Hotel de Natal é condenado após candidato com deficiência auditiva sofrer discriminação em seleção de emprego
Um hotel de Natal foi condenado a pagar R$ 20 mil por danos morais a um homem com deficiência auditiva que sofreu discriminação durante um processo seletivo para uma vaga de emprego. A decisão é da 2ª Vara Cível da Comarca de Natal. O caso ganhou repercussão por envolver a recusa de entrevista por parte de uma gerente do estabelecimento.

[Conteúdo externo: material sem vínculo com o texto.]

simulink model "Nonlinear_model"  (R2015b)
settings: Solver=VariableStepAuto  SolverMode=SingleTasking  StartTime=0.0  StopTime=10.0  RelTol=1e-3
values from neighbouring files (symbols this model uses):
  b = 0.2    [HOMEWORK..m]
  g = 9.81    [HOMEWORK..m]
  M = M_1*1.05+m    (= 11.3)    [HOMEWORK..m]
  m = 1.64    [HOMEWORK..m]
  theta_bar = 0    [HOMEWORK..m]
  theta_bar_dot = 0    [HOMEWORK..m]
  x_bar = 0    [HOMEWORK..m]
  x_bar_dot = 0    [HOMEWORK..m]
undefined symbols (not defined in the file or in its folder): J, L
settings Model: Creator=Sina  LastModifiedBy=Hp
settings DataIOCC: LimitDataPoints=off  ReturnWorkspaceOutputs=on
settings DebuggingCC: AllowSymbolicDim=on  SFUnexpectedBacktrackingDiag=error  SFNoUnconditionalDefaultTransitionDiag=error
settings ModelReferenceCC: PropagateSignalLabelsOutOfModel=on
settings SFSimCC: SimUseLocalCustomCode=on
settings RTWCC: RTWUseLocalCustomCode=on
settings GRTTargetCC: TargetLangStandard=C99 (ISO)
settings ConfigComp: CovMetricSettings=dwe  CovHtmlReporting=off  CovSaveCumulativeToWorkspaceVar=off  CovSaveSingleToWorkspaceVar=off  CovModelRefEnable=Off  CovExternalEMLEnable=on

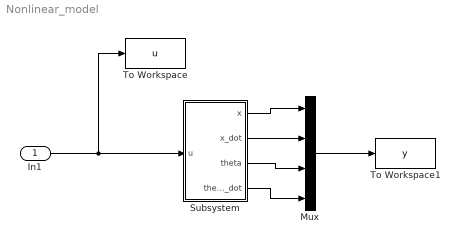
== system Nonlinear_model ==
  In1 : Inport
  Mux : Mux
  Subsystem : Subsystem
  To Workspace : ToWorkspace  VariableName=u  SampleTime=-1
  To Workspace1 : ToWorkspace  VariableName=y  SampleTime=-1
  wires:
  Subsystem/1(x) -> Mux/1
  Subsystem/2(x_dot) -> Mux/2
  Subsystem/4(theta_dot) -> Mux/4
  In1/1 -> To Workspace/1, Subsystem/1(u)
  Subsystem/3(theta) -> Mux/3
  Mux/1 -> To Workspace1/1

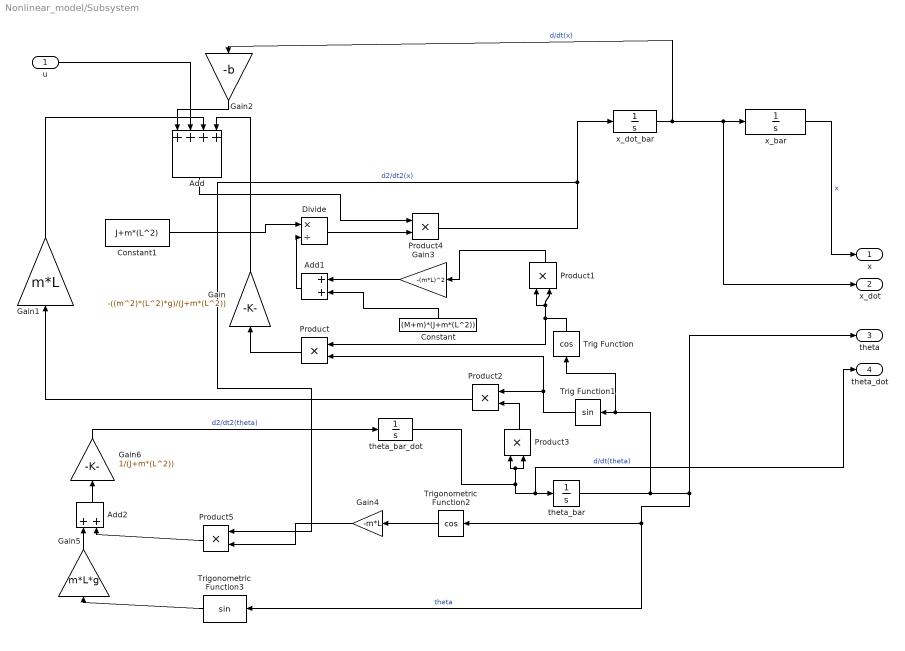
== system Nonlinear_model/Subsystem ==
  u : Inport
  Add : Sum  Inputs=++++
  Add1 : Sum
  Add2 : Sum
  Constant : Constant  Value=(M+m)*(J+m*(L^2))
  Constant1 : Constant  Value=J+m*(L^2)
  Divide : Product  Inputs=*/
  Gain : Gain  Gain=-((m^2)*(L^2)*g)/(J+m*(L^2))
  Gain1 : Gain  Gain=m*L
  Gain2 : Gain  Gain=-b
  Gain3 : Gain  Gain=-(m*L)^2
  Gain4 : Gain  Gain=-m*L
  Gain5 : Gain  Gain=m*L*g
  Gain6 : Gain  Gain=1/(J+m*(L^2))
  Product{,1..5} (6 alike) : Product
  Trig Function : Trigonometry  Operator=cos
  Trig Function1 : Trigonometry
  Trigonometric Function2 : Trigonometry  Operator=cos
  Trigonometric Function3 : Trigonometry
  theta_bar : Integrator  InitialCondition=theta_bar
  theta_bar_dot : Integrator  InitialCondition=theta_bar_dot
  x_bar : Integrator  InitialCondition=x_bar
  x_dot_bar : Integrator  InitialCondition=x_bar_dot
  x : Outport
  x_dot : Outport  Port=2
  theta : Outport  Port=3
  theta_dot : Outport  Port=4
  wires:
  x_dot_bar/1 -> x_dot/1, x_bar/1, Gain2/1  "d/dt(x)"
  Trig Function/1 -> Product/1, Product1/1, Product1/2
  Product4/1 -> x_dot_bar/1, Product5/1  "d2/dt2(x)"
  x_bar/1 -> x/1  "x"
  theta_bar_dot/1 -> theta_dot/1, theta_bar/1, Product3/1, Product3/2  "d/dt(theta)"
  theta_bar/1 -> theta/1, Trigonometric Function3/1, Trigonometric Function2/1, Trig Function/1, Trig Function1/1  "theta"
  Constant/1 -> Add1/2
  Trig Function1/1 -> Product/2, Product2/1
  Product5/1 -> Add2/2
  Product3/1 -> Product2/2
  Trigonometric Function2/1 -> Gain4/1
  Gain1/1 -> Add/3
  Product2/1 -> Gain1/1
  Product/1 -> Gain/1
  Gain2/1 -> Add/1
  Gain5/1 -> Add2/1
  Trigonometric Function3/1 -> Gain5/1
  Add1/1 -> Divide/2
  Gain4/1 -> Product5/2
  Add/1 -> Product4/1
  Divide/1 -> Product4/2
  Gain6/1 -> theta_bar_dot/1  "d2/dt2(theta)"
  Add2/1 -> Gain6/1
  Gain/1 -> Add/4
  Constant1/1 -> Divide/1
  u/1 -> Add/2
  Gain3/1 -> Add1/1
  Product1/1 -> Gain3/1

Segundo o processo, o candidato foi encaminhado pelo Sistema Nacional de Emprego (Sine) para participar da seleção e compareceu ao hotel acompanhado por um intérprete de Libras, levando a documentação exigida. A situação ocorreu na recepção, na presença de outras pessoas, causando constrangimento e humilhação ao candidato, que deixou o local antes mesmo de participar da seleção.
O que diz a ação
De acordo com a ação, a gerente de governança do estabelecimento se recusou a realizar a entrevista ao afirmar que o candidato era "mudo total" e que, por isso, não teria condições de trabalhar no hotel porque não conseguiria se comunicar. O homem afirmou à Justiça que saiu do estabelecimento abalado, envergonhado e desestimulado a continuar buscando oportunidades de trabalho.
A recusa em entrevistar o candidato, exclusivamente em razão da deficiência auditiva, foi o ponto central da decisão judicial. A juíza Sulamita Pacheco, que atuava em auxílio temporário na unidade, entendeu que houve discriminação e violação aos direitos da pessoa com deficiência.
A decisão judicial
Na sentença, a magistrada citou a Lei Brasileira de Inclusão da Pessoa com Deficiência (Lei nº 13.146/2015), que garante igualdade de oportunidades no mercado de trabalho e proíbe qualquer forma de discriminação durante processos de recrutamento e seleção. Segundo a juíza, a empresa violou as normas de proteção ao se recusar a entrevistar o candidato exclusivamente em razão da deficiência auditiva.
"Ao recusar-se a sequer entrevistar o candidato encaminhado por órgão oficial de emprego, sob o exclusivo pretexto de sua deficiência auditiva, a preposta da ré frustrou injustamente a legítima expectativa de inserção profissional do trabalhador e incorreu em discriminação direta", afirmou na decisão.
A magistrada também destacou que a situação ultrapassou um mero aborrecimento e atingiu a dignidade, a honra e a autoestima profissional do candidato, justificando a indenização por danos morais.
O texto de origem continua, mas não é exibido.